Test de Narcos : Rise of the Cartels - die & retry & retry & retry & retry & retry
On le sait : Netflix désire conquérir le milieu du jeu vidéo avec des adaptations de ses séries phares. Ce n'est donc probablement pas un hasard si Narcos : Rise of the Cartels a débarqué le 19 novembre dernier. Avec succès ?
"Tiens, tu joues au jeu vidéo Narcos ?"
Indéniablement, Narcos : Rise of the Cartels n'est pas un jeu lambda sur lequel un skin a été rajouté afin de toucher un plus large public. Tout dans le titre rappelle la meilleure série de Netflix. Ainsi, le jeu reprend les personnages et les événements de la première saison de la série, l'occasion donc de retrouver Javier Peña, Steve Murphy, Horacio Carrillo ou, surtout, Pablo Escobar. Sans atteindre le photo-réalisme du dernier jeu de Quantic Dream, les représentations de ces personnages sont suffisamment bien faites pour que l'identification soit instantanée.

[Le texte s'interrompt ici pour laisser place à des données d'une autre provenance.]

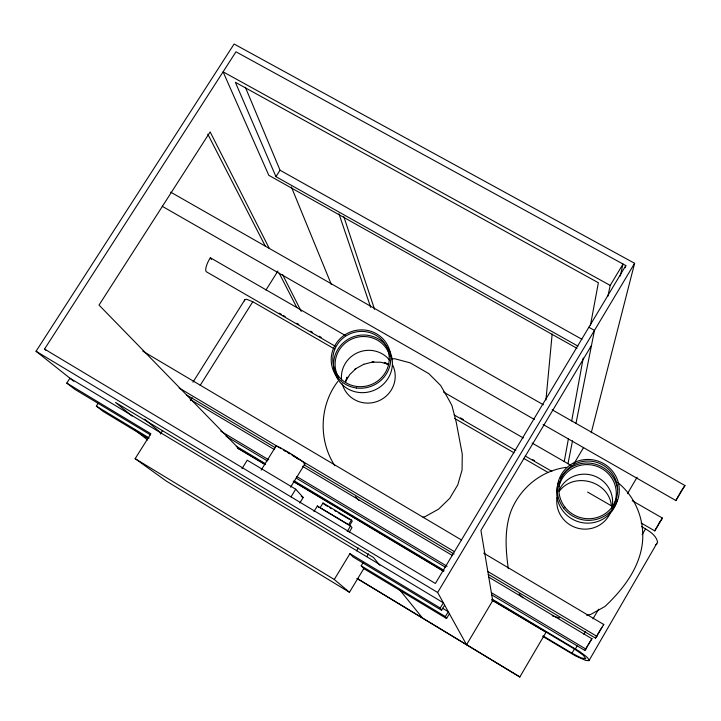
<?xml version="1.0" encoding="UTF-8"?>
<svg xmlns="http://www.w3.org/2000/svg" width="721" height="721" viewBox="0 0 721 721"><rect width="100%" height="100%" fill="white"/><g stroke="black" fill="none" stroke-linecap="round" stroke-linejoin="round"><path stroke-width="1.08" d="M542.868 636.463L575.764 656.029L585.831 660.481L588.985 660.634L588.039 658.273L586.011 656.299L579.468 651.433L492.344 599.25M357.075 578.53L519.832 676.974L357.138 578.422M545.95 399.903L552.16 334.03M564.237 461.557L568.463 438.503M571.69 420.92L583.235 357.958M590.436 325.36L598.376 282.749L235.37 82.293L275.954 176.663L577.909 346.089M567.977 463.702L572.519 440.828M575.989 423.371L594.474 330.398L588.868 327.271M607.884 296.286L610.209 285.417L623.016 264.048L620.249 276.017M625.296 267.77L625.819 265.58L235.983 51.813L44.531 349.072L46.279 350.496M483.692 553.142L603.747 624.494L595.501 638.13L488.306 574.376M591.238 432.762L634.615 263.309L234.109 44.026L36.05 351.271L73.83 381.31M345.674 382.085L347.171 377.128L345.72 380.832M588.985 660.634L657.588 542.102C655.975 534.333 647.873 530.368 641.663 526.591M488.405 576.908L591.923 638.743L584.866 650.45L491.731 594.852M244.347 300.909L244.96 299.594L246.663 299.278L252.792 301.72L334.661 349.063M543.111 424.48L675.892 500.545L677.145 498.22M641.122 522.995L654.758 530.881L656.948 526.925M677.569 497.463L678.434 495.949M657.417 526.114L658.354 524.491M678.975 495.012L681.435 490.749M658.886 523.572L659.949 521.734M543.021 635.886L571.978 653.217L574.673 648.594M575.43 648.891L577.124 645.98M583.911 634.363L585.605 631.461M592.959 618.879L598.619 609.2M642.168 534.658L645.556 528.853M584.866 650.45L587.66 645.692M632.245 500.716L662.437 518.102L654.758 530.881M595.501 638.13L596.97 635.607M552.178 409.789L684.95 485.53L675.892 500.545M519.832 676.974L546.049 632.236L491.911 600.178M627.45 493.669L637.076 477.275M345.143 335.382L210.334 257.757L208.874 260.236A12.239 3.74 -60.4 0 0 206.819 272.024L335.355 346.305M597.466 634.768L601.927 627.27M573.997 463.657L583.613 447.453M449.408 613.742L446.551 618.528L445.371 616.572L448.282 611.705L442.541 608.245M588.201 644.772L589.165 643.15M625.819 265.58L435.394 583.469L44.531 349.072M591.463 345.521L480.934 530.395L492.704 600.656L466.541 644.736L437.647 592.482L634.615 263.309M444.659 605.153L441.585 610.281L440.234 608.028L443.361 602.801L69.91 378.201L66.774 383.094L74.56 389.16L150.518 434.916M589.643 642.348L591.986 638.545M66.774 383.094L150.851 433.736L135.142 458.664L166.353 481.123L349.451 592.283L363.79 568.617L361.212 565.823L362.951 562.948M349.451 592.283L334.274 579.468L349.955 553.656L440.234 608.028M356.562 550.862L358.292 548.014M366.845 556.531L368.476 553.827M351.433 520.03L348.513 524.825L320.079 507.791L322.999 503.024L351.433 520.03L352.272 521.112L349.361 525.879M347.234 531.449L350.613 525.897L317.375 505.989L313.995 511.513M349.216 532.233L352.01 527.646L350.613 525.897M299.801 502.997L303.18 497.49L295.718 489.217L247.231 460.205L241.968 468.677M345.918 380.85L349.856 374.46L356.102 368.521M290.617 487.126L304.884 463.973M291.041 496.814L295.718 489.217M261.137 470.155L276.053 446.065M337.816 381.472C319.322 405.49 318.34 440.495 334.85 465.748M266.013 289.968L277.945 270.988M160.323 434.087L162.631 430.428M192.949 382.202L244.96 299.594M190.578 400.642L192.381 397.785M200.15 385.42L252.792 301.72M275.954 176.663L280.036 170.219L245.374 87.259M148.175 438.575L103.184 411.439L96.38 406.148L98.137 403.39M603.324 624.999L603.792 624.305M660.13 521.427L662.437 518.102M681.895 489.956L684.95 485.53M559.271 491.271C573.952 471.408 608.866 481.069 611.408 505.592M655.362 545.049L656.993 543.895M354.597 369.341L363.745 364.276M363.663 364.33L373.866 361.681L372.036 362.185L380.643 362.212L387.889 364.159M566.336 467.343C541.66 470.516 520.544 487.621 511.234 510.531C504.222 529.025 505.637 549.519 508.305 568.689M423.011 517.155L425.129 516.615L438.548 509.161L449.76 498.301L457.826 484.773L462.062 469.975L462.287 454.257L456.213 422.1L451.968 405.644L448.994 400.056L440.657 385.483L428.779 373.613L410.258 362.888L394.883 358.779L391.683 358.77M586.786 615.355L590.914 614.328L604.973 606.478C623.016 589.481 639.509 568.184 642.42 542.832C644.781 520.111 635.598 496.796 617.681 482.457M552.259 615.851L559.451 617.906M387.997 364.024L384.257 362.375L388.745 364.961M610.209 285.417L223.086 71.83L268.798 175.293L576.962 348.306M280.036 170.219L581.973 339.312M170.688 192.156L543.4 404.778M571.978 653.217L581.126 657.885L585.876 658.769L583.451 655.299L574.844 649.279L491.722 599.611M534.324 419.442L163.325 206.918A13.987 4.867 -61 0 1 162.297 206.152M443.487 392.026L523.338 437.998M532.107 443.045L570.897 465.387M279.315 313.175L281.271 314.302M283.218 315.428L285.165 316.555M296.854 323.305L298.809 324.432M310.499 331.191L312.445 332.318M319.268 336.256L321.215 337.383M460.548 417.883L463.468 419.577M532.648 459.547L534.594 460.674M454.158 414.954L515.794 450.499M525.239 456.032L551.853 471.345M587.57 492.046L611.913 506.115M454.536 418.387L513.983 452.77M523.734 458.403L548.095 472.489M142.767 351.145L461.422 539.948M179.096 387.979L281.316 448.741M283.245 449.895L285.183 451.04M288.085 452.77L290.022 453.915M292.924 455.645L454.491 551.682M487.82 571.492L596.997 636.391M186.469 394.865L275.368 447.732M304.352 464.973L454.122 554.043M190.245 399.488L274.467 449.607M302.541 466.307L452.59 555.594M220.779 431.212L268.735 459.827M296.701 476.509L447.128 566.282M491.371 592.68L585.993 649.143M226.088 436.268L267.329 460.89M296.241 478.149L445.641 567.337M236.308 446.281L265.301 463.594M294.285 480.916L444.037 570.383M237.245 447.705L265.562 464.468M293.213 481.15L443.757 571.104M237.939 448.399L265.076 464.621M294.997 482.502L443.649 571.338M324.919 504.745L327.749 506.439M329.632 507.566L331.516 508.702M334.346 510.387L336.238 511.522M338.122 512.649L349.442 519.417M301.27 496.345L303.18 497.49M36.05 351.271L437.647 592.482M441.585 610.281L352.92 556.864L349.955 553.656M96.38 406.148L149.211 437.998M361.212 565.823L445.371 616.572M363.79 568.617L446.551 618.528M135.142 458.664L334.274 579.468M135.332 430.212L147.634 439.99M132.033 416.062L115.558 402.471L373.478 557.486L379.805 565.291M144.597 419.126L160.936 432.924M519.129 593.924L522.851 597.718M239.588 449.39L99.02 305.082L210.153 131.934L269.284 248.403M355.345 496.688L359.157 500.626M317.375 505.989L318.493 507.269M322.999 503.024L323.972 504.186M400.173 590.445L422.659 618.194M210.334 257.757L211.46 259.506M207.801 134.178L265.292 246.122M279.153 273.124L296.845 307.579M282.605 274.638L301.261 311.391M291.356 186.919L331.399 284.606M338.951 213.786L370.684 307.308M343.809 216.624L374.55 309.318M610.543 512.415A28.002 27.434 17.9 0 1 577.458 528.123A28.002 27.434 17.9 0 1 557 497.67M558.901 490.785A28.002 27.434 17.9 0 1 593.419 475.644A28.002 27.434 17.9 0 1 611.841 508.512M617.293 499.455A30.661 30.021 16.8 0 1 578.323 521.725A30.661 30.021 16.8 0 1 559.063 481.195M560.55 478.185A30.661 30.021 16.8 0 1 592.968 463.594A30.661 30.021 16.8 0 1 617.636 489.379M558.937 486.873A29.047 28.434 16.8 0 1 598.403 466.884A29.047 28.434 16.8 0 1 611.597 508.9M392.584 364.862A27.019 26.289 -22.7 0 1 377.516 401.336A27.019 26.289 -22.7 0 1 342.241 383.815M341.529 379.949A27.019 26.289 -22.7 0 1 358.607 352.281A27.019 26.289 -22.7 0 1 389.998 360.68M387.348 347.152A29.561 28.705 -22.7 0 1 365.484 392.503A29.561 28.705 -22.7 0 1 336.193 352.461A29.561 28.705 -22.7 0 1 386.717 346.287M389.331 354.326A28.002 27.191 -22.7 0 1 389.935 356.273M338.699 377.741A28.002 27.191 -22.7 0 1 351.046 339.393A28.002 27.191 -22.7 0 1 388.97 353.38M284.344 450.517A11.329 0.829 31.6 0 1 286.498 451.697M287.282 452.148A11.329 0.829 31.6 0 1 288.923 453.103M291.464 454.654A11.329 0.829 31.6 0 1 297.998 458.998M276.206 446.542A16.998 1.253 31.6 0 1 291.942 454.446A16.998 1.253 31.6 0 1 303.974 463.792M563.741 508.242A31.066 30.408 16.4 0 0 616.978 501.789A31.066 30.408 16.4 0 0 584.136 459.665A31.066 30.408 16.4 0 0 563.741 508.242M565.021 507.26A29.435 28.804 16.4 0 0 615.455 501.158A29.435 28.804 16.4 0 0 584.352 461.242A29.435 28.804 16.4 0 0 565.021 507.26M356.489 387.997A29.949 29.056 -22.8 0 0 388.799 347.882A29.949 29.056 -22.8 0 0 337.761 341.285A29.949 29.056 -22.8 0 0 356.489 387.997M356.724 386.456A28.371 27.524 -22.8 0 0 387.339 348.468A28.371 27.524 -22.8 0 0 338.987 342.205A28.371 27.524 -22.8 0 0 356.724 386.456"/></g></svg>
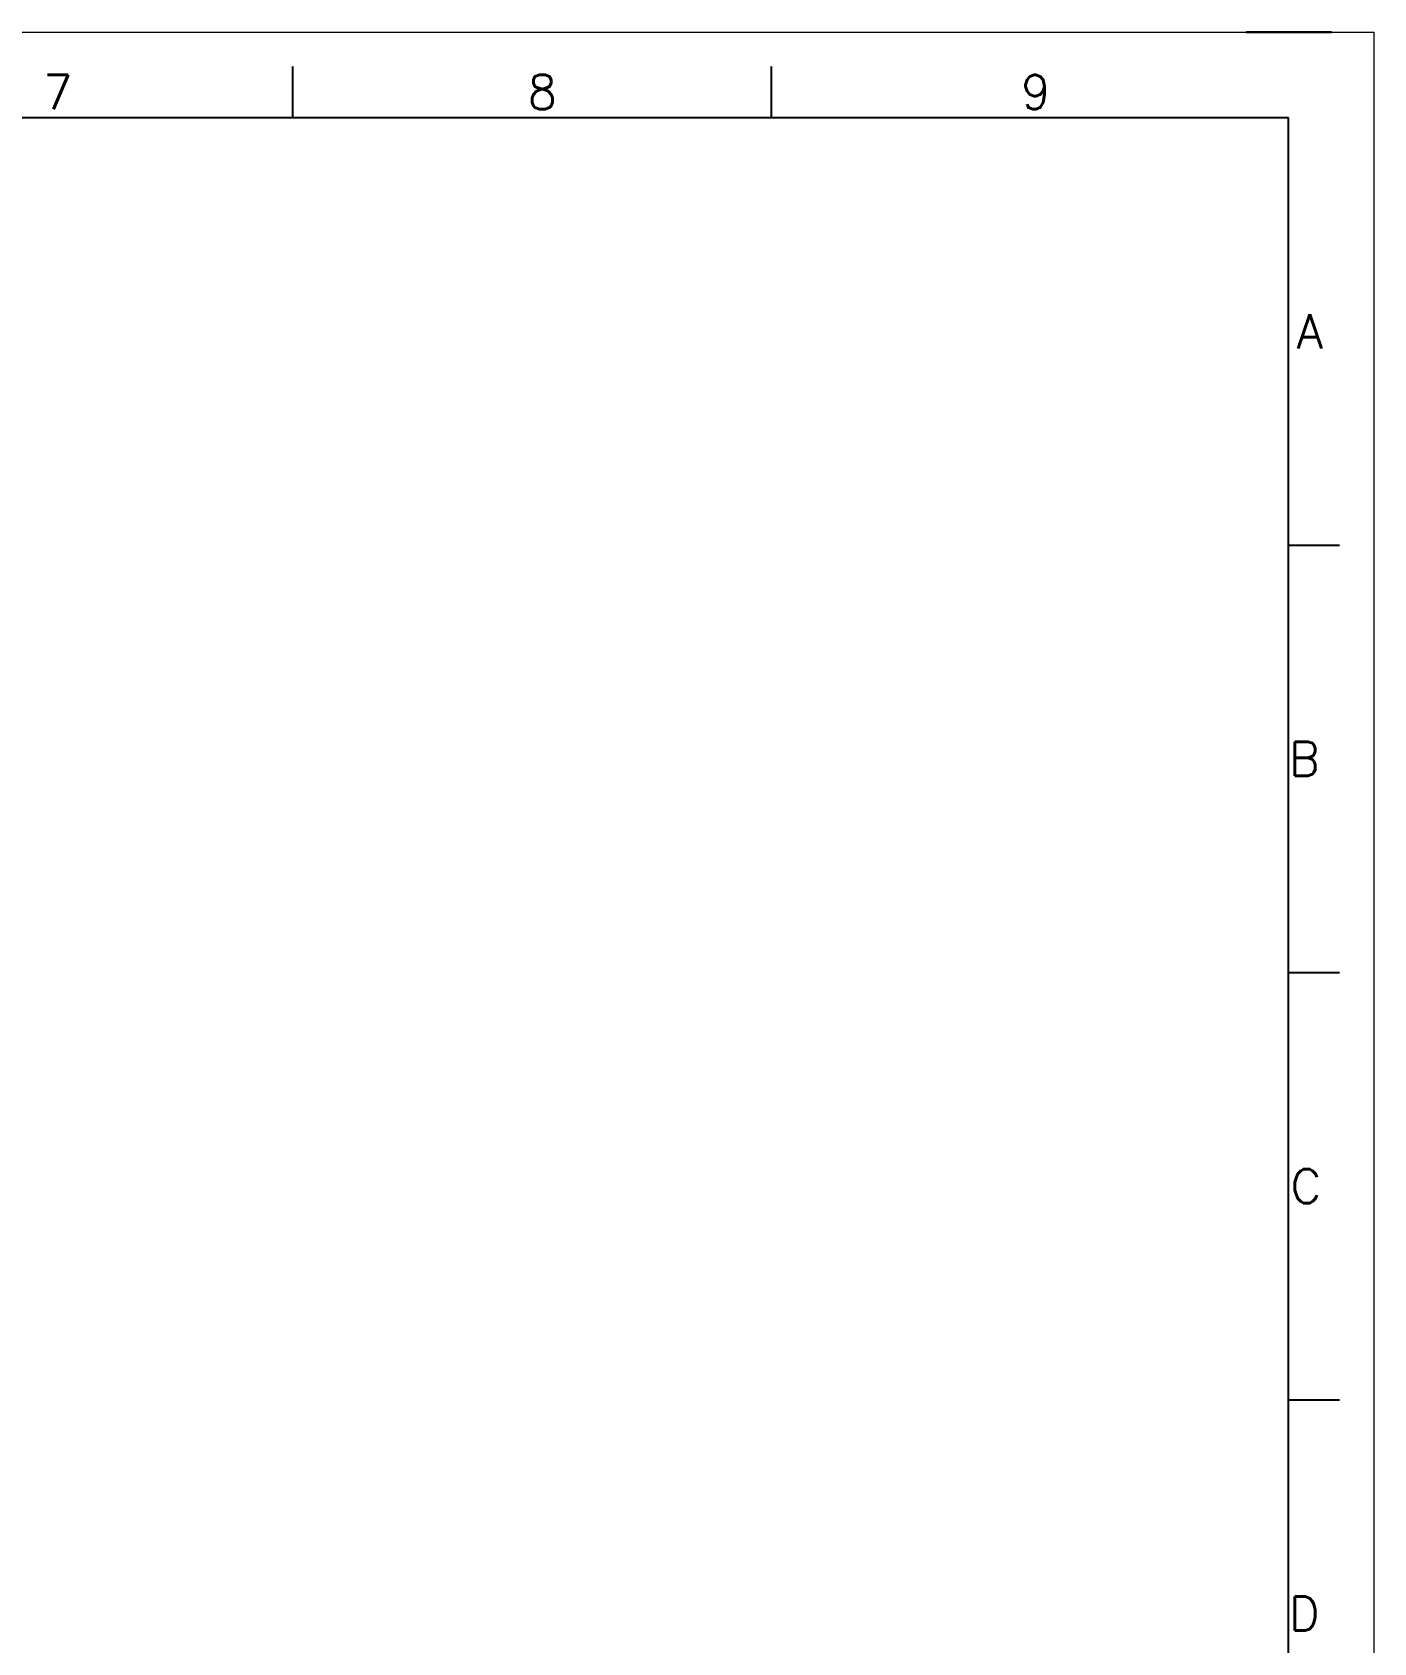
# Model space of a CAD drawing. Extents: x 33864 to 41687, y -3582 to -110.
# Drawn here: x 39182.8 to 39261.3, y -2798.9 to -2704.6 of the extents above; entities that cross this region are included whole.
import ezdxf
from ezdxf.enums import TextEntityAlignment as Align

# ---------------------------------------------------------------- set-up
doc = ezdxf.new("R2010")
doc.units = 0
doc.header["$MEASUREMENT"] = 0
doc.layers.add('AE_BOR', color=1, linetype='Continuous')
doc.styles.add('WD', font='romans.shx', dxfattribs={"bigfont": 'gbcbig.shx'})

msp = doc.modelspace()

# ---------------------------------------------------------------- linework, layer by layer
for p, q in [((39256.318, -2709.649), (38969.318, -2709.649)), ((39256.318, -2909.649), (39256.318, -2709.649))]:
    msp.add_line(p, q)
at = {"layer": 'AE_BOR', "color": 1, "lineweight": 15}
for p, q in [((38964.315, -2704.649), (39261.315, -2704.649)), ((39261.315, -2704.649), (39261.315, -2914.649))]:
    msp.add_line(p, q, dxfattribs=at)
at = {"layer": 'AE_BOR', "lineweight": 30}
msp.add_line((39258.848, -2704.649), (39253.848, -2704.649), dxfattribs=at)
at = {"layer": 'AE_BOR'}
for p, q in [((39198.098, -2709.649), (39198.098, -2706.649)), ((39226.098, -2709.649), (39226.098, -2706.649)), ((39256.318, -2734.649), (39259.318, -2734.649)), ((39256.318, -2759.649), (39259.318, -2759.649)), ((39256.318, -2784.649), (39259.318, -2784.649))]:
    msp.add_line(p, q, dxfattribs=at)

# ---------------------------------------------------------------- texts
at = {"layer": 'AE_BOR', "style": 'WD'}
for s, p in [('7', (39184.353, -2709.149)), ('8', (39212.683, -2709.149)), ('9', (39241.547, -2709.149))]:
    msp.add_text(s, height=2, dxfattribs=at).set_placement(p, align=Align.CENTER)
for s, p in [('A', (39258.342, -2722.149)), ('B', (39258.152, -2747.149)), ('C', (39258.247, -2772.149)), ('D', (39258.152, -2797.149))]:
    msp.add_text(s, height=2, dxfattribs=at).set_placement(p, align=Align.MIDDLE_RIGHT)

doc.saveas('drawing.dxf')

De plus, Kuju Entertainment n'hésite pas à mettre le paquet sur la narration. Ainsi, le jeu intègre plusieurs cinématiques, qui renforcent encore l'immersion du joueur. Pour parachever le tout, le titre intègre les musiques officielles de la série ainsi que quelques extraits de celle-ci. Il laisse également le choix au joueur d'incarner la DEA ou les narcotrafiquants, afin de ne pas se limiter à un seul angle de vue.
Le résultat est donc à la hauteur des attentes. Toute personne connaissant la série identifie en un instant de quelle licence est issu ce jeu vidéo. De même, en tant que joueur, l'immersion est extrêmement agréable. Cependant, ce n'est pas pour autant que le titre est sans défaut de ce point de vue.
Tout d'abord, comme chacun le sait, les produits culturels ne peuvent pleinement s'apprécier qu'en VF. Tout fan de la série Narcos ayant un minimum de goût est donc habitué aux voix françaises. Or, si tous les textes sont traduits en français, les voix ne sont doublées qu'en anglais. Cela se justifie par une logique de limitation des coûts, mais cette décision affecte logiquement l'immersion. C'est d'autant plus dérangeant que les narcotrafiquant parlent en anglais lors de leur campagne et non en espagnol, choix un peu étrange pour le coup. De plus, avant chaque mission principale, l'agent Murphy effectue une petite présentation en audio non sous-titrée en français, de manière assez surprenante puisque les cinématiques le sont, elles.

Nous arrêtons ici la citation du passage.